Le roi recula encore et retourna s'asseoir derrière sa table de travail. Cependant il souriait et ne paraissait pas fâché.
– Qu'importe ! Je ne regrette pas d'avoir poussé trop loin la procédure. Mon opinion est faite désormais... M. du Plessis est le dernier des imbéciles. Il a mérité cent fois sa mésaventure et j'aurai soin de le lui faire remarquer moi-même. J'espère qu'il tiendra compte, cette fois, de mes avis. Je veux aussi l'envoyer à l'armée, en Picardie, quelque temps pour la leçon. Mais ne pleurez plus, Bagatelle, on vous rendra bientôt votre grand cousin.

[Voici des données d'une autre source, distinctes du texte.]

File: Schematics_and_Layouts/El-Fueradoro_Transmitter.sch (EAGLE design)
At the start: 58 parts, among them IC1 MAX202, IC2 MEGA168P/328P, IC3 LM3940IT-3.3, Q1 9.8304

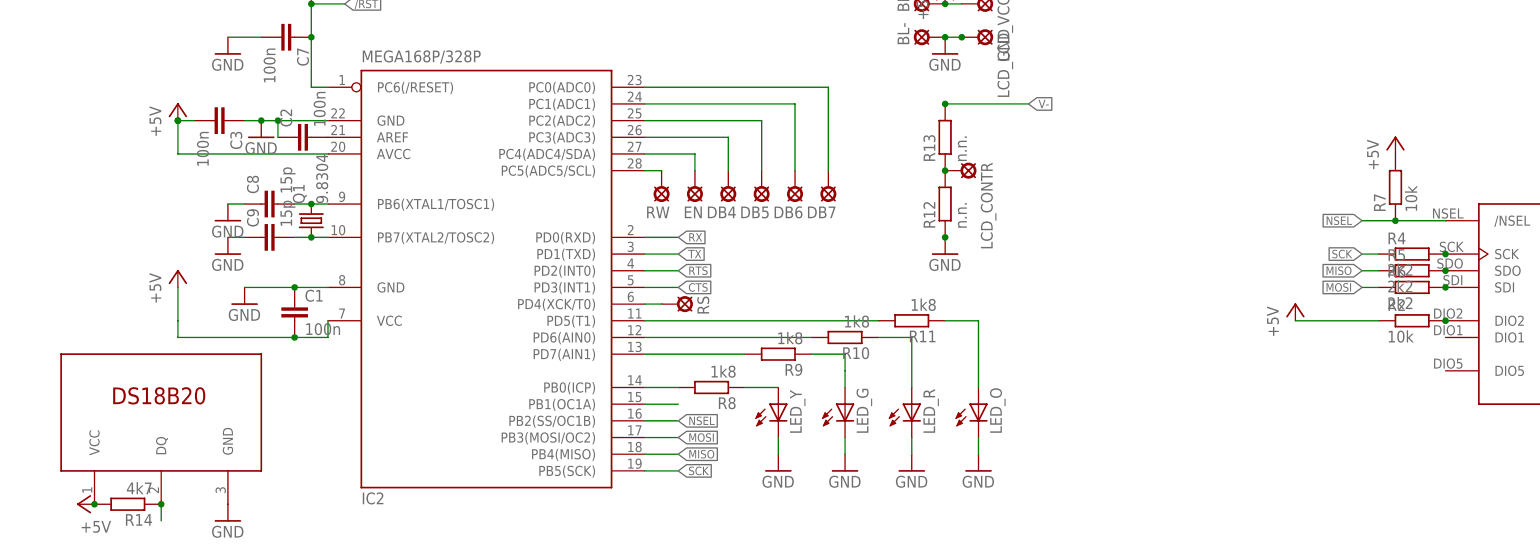
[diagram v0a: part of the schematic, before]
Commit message: Added bill of materials
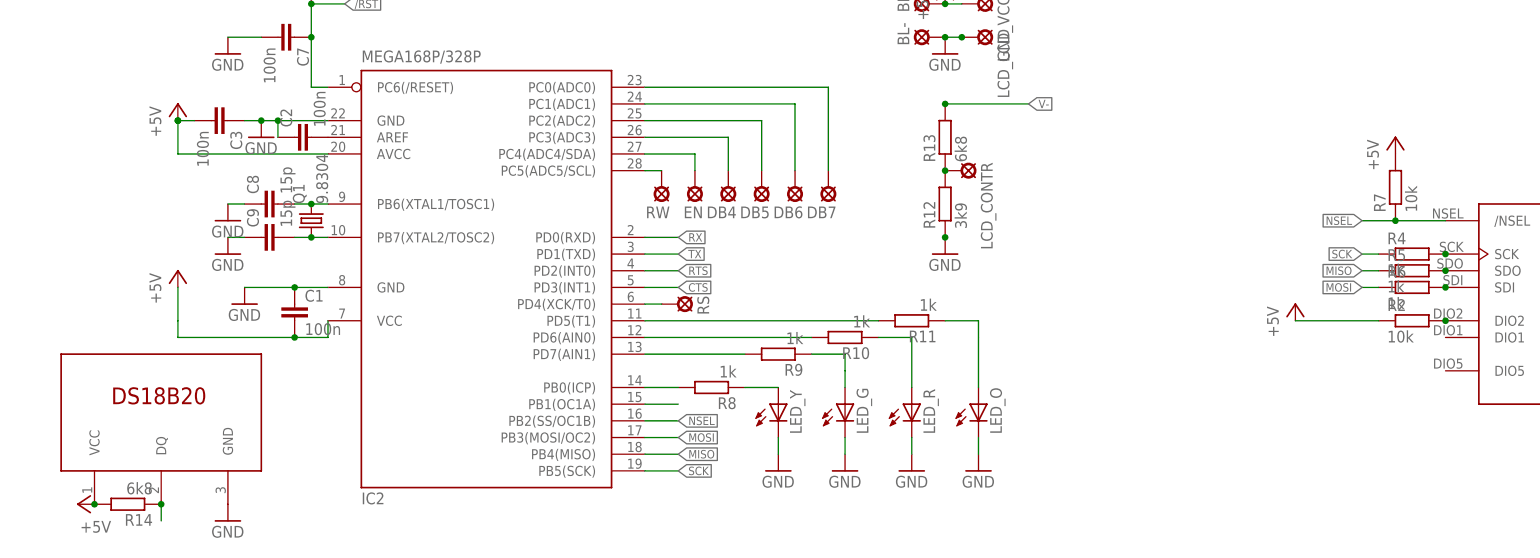
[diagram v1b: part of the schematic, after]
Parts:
- R10, R11, R8, R9: value 1k8 -> 1k
- R12: value n.n. -> 3k9
- R13: value n.n. -> 6k8
- R14: value 4k7 -> 6k8
- R4, R5, R6: value 2k2 -> 1k
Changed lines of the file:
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@@
 <part name="P+3" library="supply1" deviceset="+5V" device=""/>
 <part name="P+7" library="supply1" deviceset="+5V" device=""/>
-<part name="R4" library="rcl" deviceset="R-EU_" device="0207/10" value="2k2"/>
-<part name="R5" library="rcl" deviceset="R-EU_" device="0207/10" value="2k2"/>
-<part name="R6" library="rcl" deviceset="R-EU_" device="0207/10" value="2k2"/>
+<part name="R4" library="rcl" deviceset="R-EU_" device="0207/10" value="1k"/>
+<part name="R5" library="rcl" deviceset="R-EU_" device="0207/10" value="1k"/>
+<part name="R6" library="rcl" deviceset="R-EU_" device="0207/10" value="1k"/>
 <part name="GND6" library="supply1" deviceset="GND" device=""/>
 <part name="GND8" library="supply1" deviceset="GND" device=""/>
@@
 <part name="GND9" library="supply1" deviceset="GND" device=""/>
 <part name="GND10" library="supply1" deviceset="GND" device=""/>
-<part name="R8" library="rcl" deviceset="R-EU_" device="0207/10" value="1k8"/>
-<part name="R9" library="rcl" deviceset="R-EU_" device="0207/10" value="1k8"/>
-<part name="R10" library="rcl" deviceset="R-EU_" device="0207/10" value="1k8"/>
-<part name="R11" library="rcl" deviceset="R-EU_" device="0207/10" value="1k8"/>
+<part name="R8" library="rcl" deviceset="R-EU_" device="0207/10" value="1k"/>
+<part name="R9" library="rcl" deviceset="R-EU_" device="0207/10" value="1k"/>
+<part name="R10" library="rcl" deviceset="R-EU_" device="0207/10" value="1k"/>
+<part name="R11" library="rcl" deviceset="R-EU_" device="0207/10" value="1k"/>
 <part name="LED_O" library="led" deviceset="LED" device="5MM"/>
 <part name="LED_R" library="led" deviceset="LED" device="5MM"/>
@@
 <part name="DB7" library="solpad" deviceset="LSP10" device=""/>
 <part name="RS" library="solpad" deviceset="LSP10" device=""/>
-<part name="R12" library="rcl" deviceset="R-EU_" device="0207/10" value="n.n."/>
-<part name="R13" library="rcl" deviceset="R-EU_" device="0207/10" value="n.n."/>
+<part name="R12" library="rcl" deviceset="R-EU_" device="0207/10" value="3k9"/>
+<part name="R13" library="rcl" deviceset="R-EU_" device="0207/10" value="6k8"/>
 <part name="GND22" library="supply1" deviceset="GND" device=""/>
 <part name="LCD_VCC" library="solpad" deviceset="LSP10" device=""/>
@@
 <part name="U$2" library="fp" deviceset="DS18B20" device=""/>
 <part name="P+13" library="supply1" deviceset="+5V" device=""/>
-<part name="R14" library="rcl" deviceset="R-EU_" device="0207/10" value="4k7"/>
+<part name="R14" library="rcl" deviceset="R-EU_" device="0207/10" value="6k8"/>
 <part name="GND26" library="supply1" deviceset="GND" device=""/>
 <part name="U$3" library="fp" deviceset="RFM69CW" device=""/>

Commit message: Added size-information-output for Hexfiles/build_hexfiles.bat Extended manual and added BOMs BOM-Update (final one, hopefully!)
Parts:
- C14: value (none) -> 10u
- R12: value 3k9 -> 3k3
- R14: value 6k8 -> 3k3
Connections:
- net +5V renamed +3V3

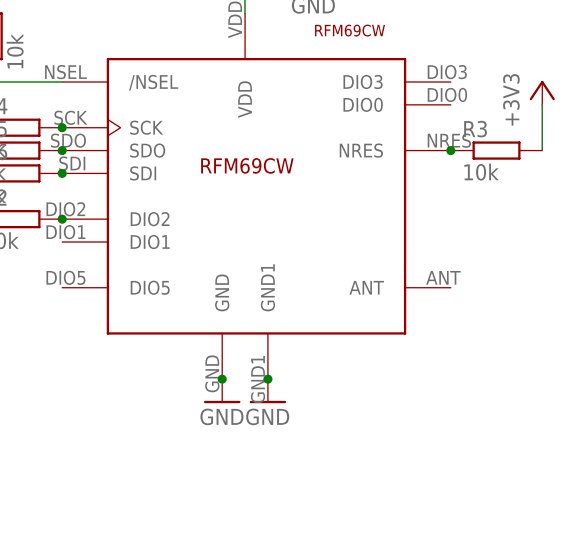
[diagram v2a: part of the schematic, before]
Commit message: Layout fixes Additions to manual once again
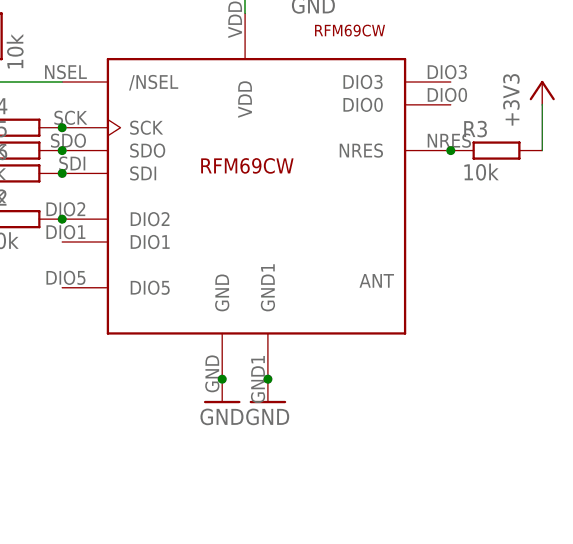
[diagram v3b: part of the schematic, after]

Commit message: Added Gerber Files
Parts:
- renumbered USB+ to +5V, USB+1 to D+, USB+2 to D-, USB- to GND
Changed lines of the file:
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@@
 <part name="SV2" library="fp" deviceset="ML10" device=""/>
 <part name="X1" library="fp" deviceset="F09HPS" device=""/>
-<part name="USB+" library="solpad" deviceset="LSP10" device=""/>
-<part name="USB-" library="solpad" deviceset="LSP10" device=""/>
-<part name="USB+1" library="solpad" deviceset="LSP10" device=""/>
-<part name="USB+2" library="solpad" deviceset="LSP10" device=""/>
+<part name="+5V" library="solpad" deviceset="LSP10" device=""/>
+<part name="GND" library="solpad" deviceset="LSP10" device=""/>
+<part name="D+" library="solpad" deviceset="LSP10" device=""/>
+<part name="D-" library="solpad" deviceset="LSP10" device=""/>
 <part name="GND15" library="supply1" deviceset="GND" device=""/>
 <part name="IC3" library="linear" deviceset="78*" device="TV" technology="6" value="LM3940IT-3.3"/>
@@
 <instance part="X1" gate="-7" x="256.54" y="101.6"/>
 <instance part="X1" gate="-8" x="256.54" y="106.68"/>
-<instance part="USB+" gate="1" x="5.08" y="132.08" rot="R90"/>
-<instance part="USB-" gate="1" x="5.08" y="124.46" rot="R90"/>
-<instance part="USB+1" gate="1" x="5.08" y="139.7" rot="R90"/>
-<instance part="USB+2" gate="1" x="7.62" y="142.24" rot="R90"/>
+<instance part="+5V" gate="1" x="5.08" y="132.08" rot="R90"/>
+<instance part="GND" gate="1" x="5.08" y="124.46" rot="R90"/>
+<instance part="D+" gate="1" x="5.08" y="139.7" rot="R90"/>
+<instance part="D-" gate="1" x="7.62" y="142.24" rot="R90"/>
 <instance part="GND15" gate="1" x="220.98" y="139.7"/>
 <instance part="IC3" gate="A1" x="35.56" y="132.08"/>
@@
 <pinref part="C11" gate="G$1" pin="-"/>
 <pinref part="GND17" gate="1" pin="GND"/>
-<pinref part="USB-" gate="1" pin="MP"/>
-<pinref part="USB-" gate="1" pin="MP"/>
+<pinref part="GND" gate="1" pin="MP"/>
+<pinref part="GND" gate="1" pin="MP"/>
 <junction x="7.62" y="124.46"/>
 </segment>
@@
 <wire x1="17.78" y1="132.08" x2="25.4" y2="132.08" width="0.1524" layer="91"/>
 <junction x="17.78" y="132.08"/>
-<pinref part="USB+" gate="1" pin="MP"/>
+<pinref part="+5V" gate="1" pin="MP"/>
 <junction x="7.62" y="132.08"/>
 </segment>

Sous les fenêtres, dans la cour de marbre, descendait du carrosse orangé M. de Solignac, grand chambellan de la reine.
Chapitre 14
Mme du Plessis-Bellière revint chez elle la tête en feu. Cette fois elle trouva la cour de son hôtel encombrée d'une malle de poste déjà dételée et de laquelle on déchargeait force bagages.
Sur les marches du perron, deux petits garçons aux joues rouges l'attendaient en se donnant la main.
Angélique tomba de son haut.
– Florimond ! Cantor !
Elle avait complètement oublié la lettre expédiée en Poitou réclamant leur venue. Cette arrivée était-elle opportune ou non ?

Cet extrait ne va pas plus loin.